### WHAT TO DO
Two lines below mark the span: the one containing "line L28 (-126.1844, 153.9593)" and the one containing "line L38 (-119.8344, 255.5593)". Set down both, plus every line between, exactly as they stand, and nothing else.

### GIVEN DATA
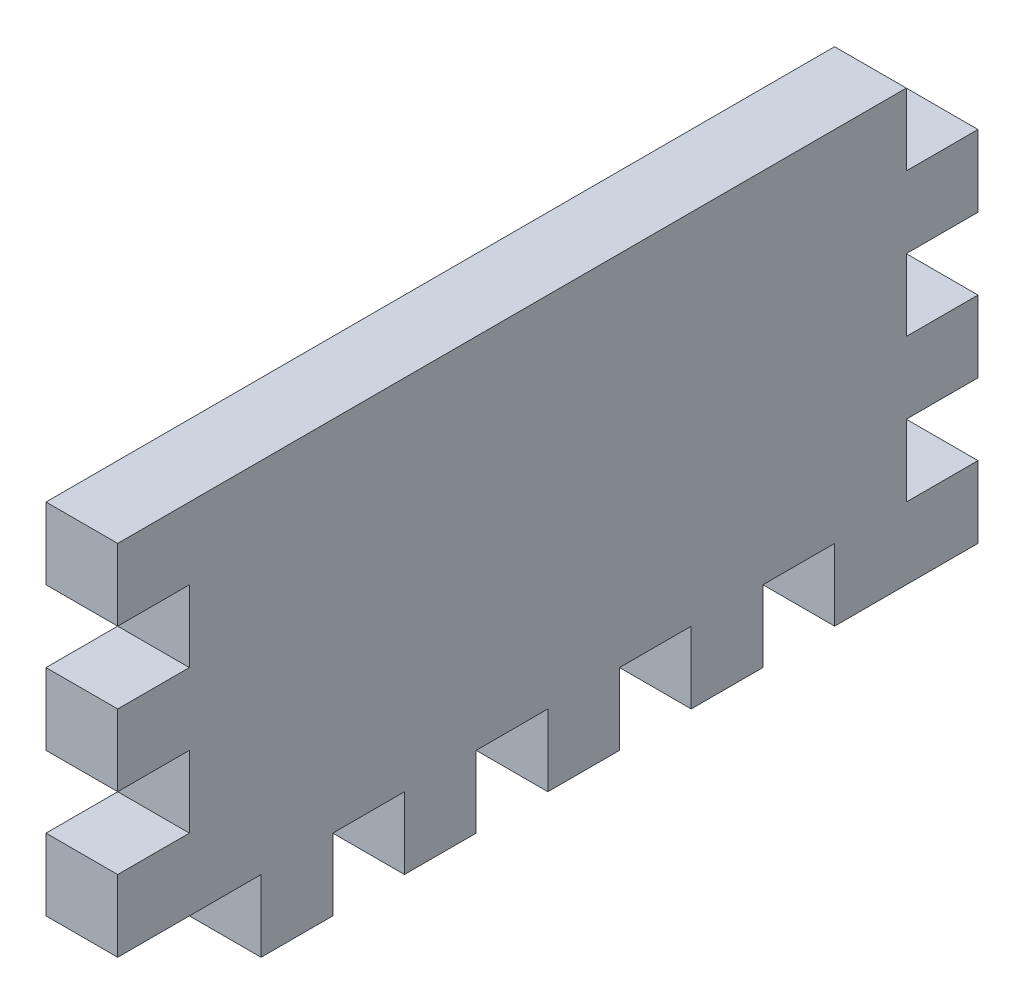
SolidWorks part; units mm, degrees
material "Mahogany"
ref_plane "Front Plane" through (0, 0, 0) normal (0, 0, 1) x (1, 0, 0)
ref_plane "Top Plane" through (0, 0, 0) normal (0, 1, 0) x (1, 0, 0)
ref_plane "Right Plane" through (0, 0, 0) normal (1, 0, 0) x (0, 0, -1)
sketch "Sketch1" plane through (0, 0, 0) normal (1, 0, 0) x (0, 0, -1)
  line L1 (-76.2, 38.1) -> (76.2, 38.1)
  line L2 (-76.2, 38.1) -> (-76.2, -38.1)
  line L3 (-76.2, -38.1) -> (76.2, -38.1)
  line L4 (76.2, 38.1) -> (76.2, -38.1)
  line L5 (-76.2, 38.1) -> (76.2, -38.1) construction
  line L6 (-76.2, -38.1) -> (76.2, 38.1) construction
  point P0 (0, 0)
  dimension "D1" = 152.4
  dimension "D2" = 76.2
extrude "Boss-Extrude1" add sketch "Sketch1" along normal blind 12.7
sketch "Sketch2" plane through (12.7, 0, 0) normal (1, 0, 0) x (0, 0, -1)
  line L0 (-76.2, 38.1) -> (-76.2, -38.1) construction
  line L1 (-76.2, 25.4) -> (-63.5, 25.4)
  line L2 (-76.2, 25.4) -> (-76.2, 12.7)
  line L3 (-76.2, 12.7) -> (-63.5, 12.7)
  line L4 (-63.5, 25.4) -> (-63.5, 12.7)
  line L5 (-76.2, 25.4) -> (-76.2, 38.1) construction
  line L6 (-76.2, 0) -> (-63.5, 0)
  line L7 (-76.2, 0) -> (-76.2, -12.7)
  line L8 (-76.2, -12.7) -> (-63.5, -12.7)
  line L9 (-63.5, 0) -> (-63.5, -12.7)
  line L10 (-76.2, -25.4) -> (-63.5, -25.4)
  line L11 (-76.2, -25.4) -> (-76.2, -38.1)
  line L12 (-76.2, -38.1) -> (-63.5, -38.1)
  line L13 (-63.5, -25.4) -> (-63.5, -38.1)
  line L14 (-76.2, 12.7) -> (-76.2, 0) construction
  line L15 (-76.2, -12.7) -> (-76.2, -25.4) construction
  line L16 (76.2, 38.1) -> (-76.2, 38.1) construction
  line L17 (76.2, -38.1) -> (76.2, 38.1) construction
  line L18 (76.2, 38.1) -> (63.5, 38.1)
  line L19 (76.2, 38.1) -> (76.2, 25.4)
  line L20 (76.2, 25.4) -> (63.5, 25.4)
  line L21 (63.5, 38.1) -> (63.5, 25.4)
  line L22 (76.2, 12.7) -> (63.5, 12.7)
  line L23 (76.2, 12.7) -> (76.2, 0)
  line L24 (76.2, 0) -> (63.5, 0)
  line L25 (63.5, 12.7) -> (63.5, 0)
  line L27 (76.2, -12.7) -> (63.5, -12.7)
  line L28 (76.2, -12.7) -> (76.2, -25.4)
  line L29 (76.2, -25.4) -> (63.5, -25.4)
  line L30 (63.5, -12.7) -> (63.5, -25.4)
  dimension "D1" = 12.7
  dimension "D2" = 12.7
  dimension "D3" = 12.7
extrude "Cut-Extrude1" cut sketch "Sketch2" against normal through all
extrude "Cut-Extrude2" cut sketch "Sketch3" against normal blind 12.7
sketch "Sketch3" plane through (90.4593, -38.1, 56.3344) normal (0, -1, 0) x (0, 0, 1)
  line L1 (-132.5344, 90.4593) -> (-119.8344, 90.4593)
  line L2 (-132.5344, 90.4593) -> (-132.5344, 103.1593)
  line L3 (-132.5344, 103.1593) -> (-119.8344, 103.1593)
  line L4 (-119.8344, 90.4593) -> (-119.8344, 103.1593)
  line L6 (-132.5344, 115.8593) -> (-119.8344, 115.8593)
  line L7 (-132.5344, 115.8593) -> (-132.5344, 128.5593)
  line L8 (-132.5344, 128.5593) -> (-119.8344, 128.5593)
  line L9 (-119.8344, 115.8593) -> (-119.8344, 128.5593)
  line L10 (-126.1844, 103.1593) -> (-126.1844, 115.8593) construction
  line L11 (-132.5344, 141.2593) -> (-119.8344, 141.2593)
  line L12 (-132.5344, 141.2593) -> (-132.5344, 153.9593)
  line L13 (-132.5344, 153.9593) -> (-119.8344, 153.9593)
  line L14 (-119.8344, 141.2593) -> (-119.8344, 153.9593)
  line L15 (-132.5344, 166.6593) -> (-119.8344, 166.6593)
  line L16 (-132.5344, 166.6593) -> (-132.5344, 179.3593)
  line L17 (-132.5344, 179.3593) -> (-119.8344, 179.3593)
  line L18 (-119.8344, 166.6593) -> (-119.8344, 179.3593)
  line L19 (-132.5344, 192.0593) -> (-119.8344, 192.0593)
  line L20 (-132.5344, 192.0593) -> (-132.5344, 204.7593)
  line L21 (-132.5344, 204.7593) -> (-119.8344, 204.7593)
  line L22 (-119.8344, 192.0593) -> (-119.8344, 204.7593)
  line L23 (-132.5344, 217.4593) -> (-119.8344, 217.4593)
  line L24 (-132.5344, 217.4593) -> (-132.5344, 230.1593)
  line L25 (-132.5344, 230.1593) -> (-119.8344, 230.1593)
  line L26 (-119.8344, 217.4593) -> (-119.8344, 230.1593)
  line L27 (-126.1844, 128.5593) -> (-126.1844, 141.2593) construction
  line L28 (-126.1844, 153.9593) -> (-126.1844, 166.6593) construction
  line L29 (-126.1844, 179.3593) -> (-126.1844, 192.0593) construction
  line L30 (-126.1844, 204.7593) -> (-126.1844, 217.4593) construction
  line L31 (-126.1844, 230.1593) -> (-126.1844, 242.8593) construction
  line L32 (-119.8344, 242.8593) -> (-132.5344, 242.8593)
  line L33 (-119.8344, 242.8593) -> (-119.8344, 255.5593)
  line L34 (-119.8344, 255.5593) -> (-132.5344, 255.5593)
  line L35 (-132.5344, 242.8593) -> (-132.5344, 255.5593)
  line L36 (-119.8344, 242.8593) -> (-132.5344, 242.8593)
  line L37 (-119.8344, 242.8593) -> (-119.8344, 255.5593)
  line L38 (-119.8344, 255.5593) -> (-132.5344, 255.5593)
  line L39 (-132.5344, 242.8593) -> (-132.5344, 255.5593)
  line L40 (-126.1844, 255.5593) -> (-126.1844, 242.8593) construction
  line L42 (-107.1344, 90.4593) -> (-94.4344, 90.4593)
  line L43 (-107.1344, 90.4593) -> (-107.1344, 77.7593)
  line L44 (-107.1344, 77.7593) -> (-94.4344, 77.7593)
  line L45 (-94.4344, 90.4593) -> (-94.4344, 77.7593)
  line L47 (-94.4344, 84.1093) -> (-81.7344, 84.1093) construction
  line L48 (-81.7344, 90.4593) -> (-69.0344, 90.4593)
  line L49 (-81.7344, 90.4593) -> (-81.7344, 77.7593)
  line L50 (-81.7344, 77.7593) -> (-69.0344, 77.7593)
  line L51 (-69.0344, 90.4593) -> (-69.0344, 77.7593)
  line L52 (-56.3344, 90.4593) -> (-43.6344, 90.4593)
  line L53 (-56.3344, 90.4593) -> (-56.3344, 77.7593)
  line L54 (-56.3344, 77.7593) -> (-43.6344, 77.7593)
  line L55 (-43.6344, 90.4593) -> (-43.6344, 77.7593)
  line L56 (-30.9344, 90.4593) -> (-18.2344, 90.4593)
  line L57 (-30.9344, 90.4593) -> (-30.9344, 77.7593)
  line L58 (-30.9344, 77.7593) -> (-18.2344, 77.7593)
  line L59 (-18.2344, 90.4593) -> (-18.2344, 77.7593)
  line L60 (-69.0344, 84.1093) -> (-56.3344, 84.1093) construction
  line L61 (-43.6344, 84.1093) -> (-30.9344, 84.1093) construction
  line L62 (-18.2344, 84.1093) -> (-5.5344, 84.1093) construction
  line L63 (-5.5344, 90.4593) -> (7.1656, 90.4593)
  line L64 (-5.5344, 90.4593) -> (-5.5344, 77.7593)
  line L65 (-5.5344, 77.7593) -> (7.1656, 77.7593)
  line L66 (7.1656, 90.4593) -> (7.1656, 77.7593)

### ANSWER FOR THE TASK
  line L28 (-126.1844, 153.9593) -> (-126.1844, 166.6593) construction
  line L29 (-126.1844, 179.3593) -> (-126.1844, 192.0593) construction
  line L30 (-126.1844, 204.7593) -> (-126.1844, 217.4593) construction
  line L31 (-126.1844, 230.1593) -> (-126.1844, 242.8593) construction
  line L32 (-119.8344, 242.8593) -> (-132.5344, 242.8593)
  line L33 (-119.8344, 242.8593) -> (-119.8344, 255.5593)
  line L34 (-119.8344, 255.5593) -> (-132.5344, 255.5593)
  line L35 (-132.5344, 242.8593) -> (-132.5344, 255.5593)
  line L36 (-119.8344, 242.8593) -> (-132.5344, 242.8593)
  line L37 (-119.8344, 242.8593) -> (-119.8344, 255.5593)
  line L38 (-119.8344, 255.5593) -> (-132.5344, 255.5593)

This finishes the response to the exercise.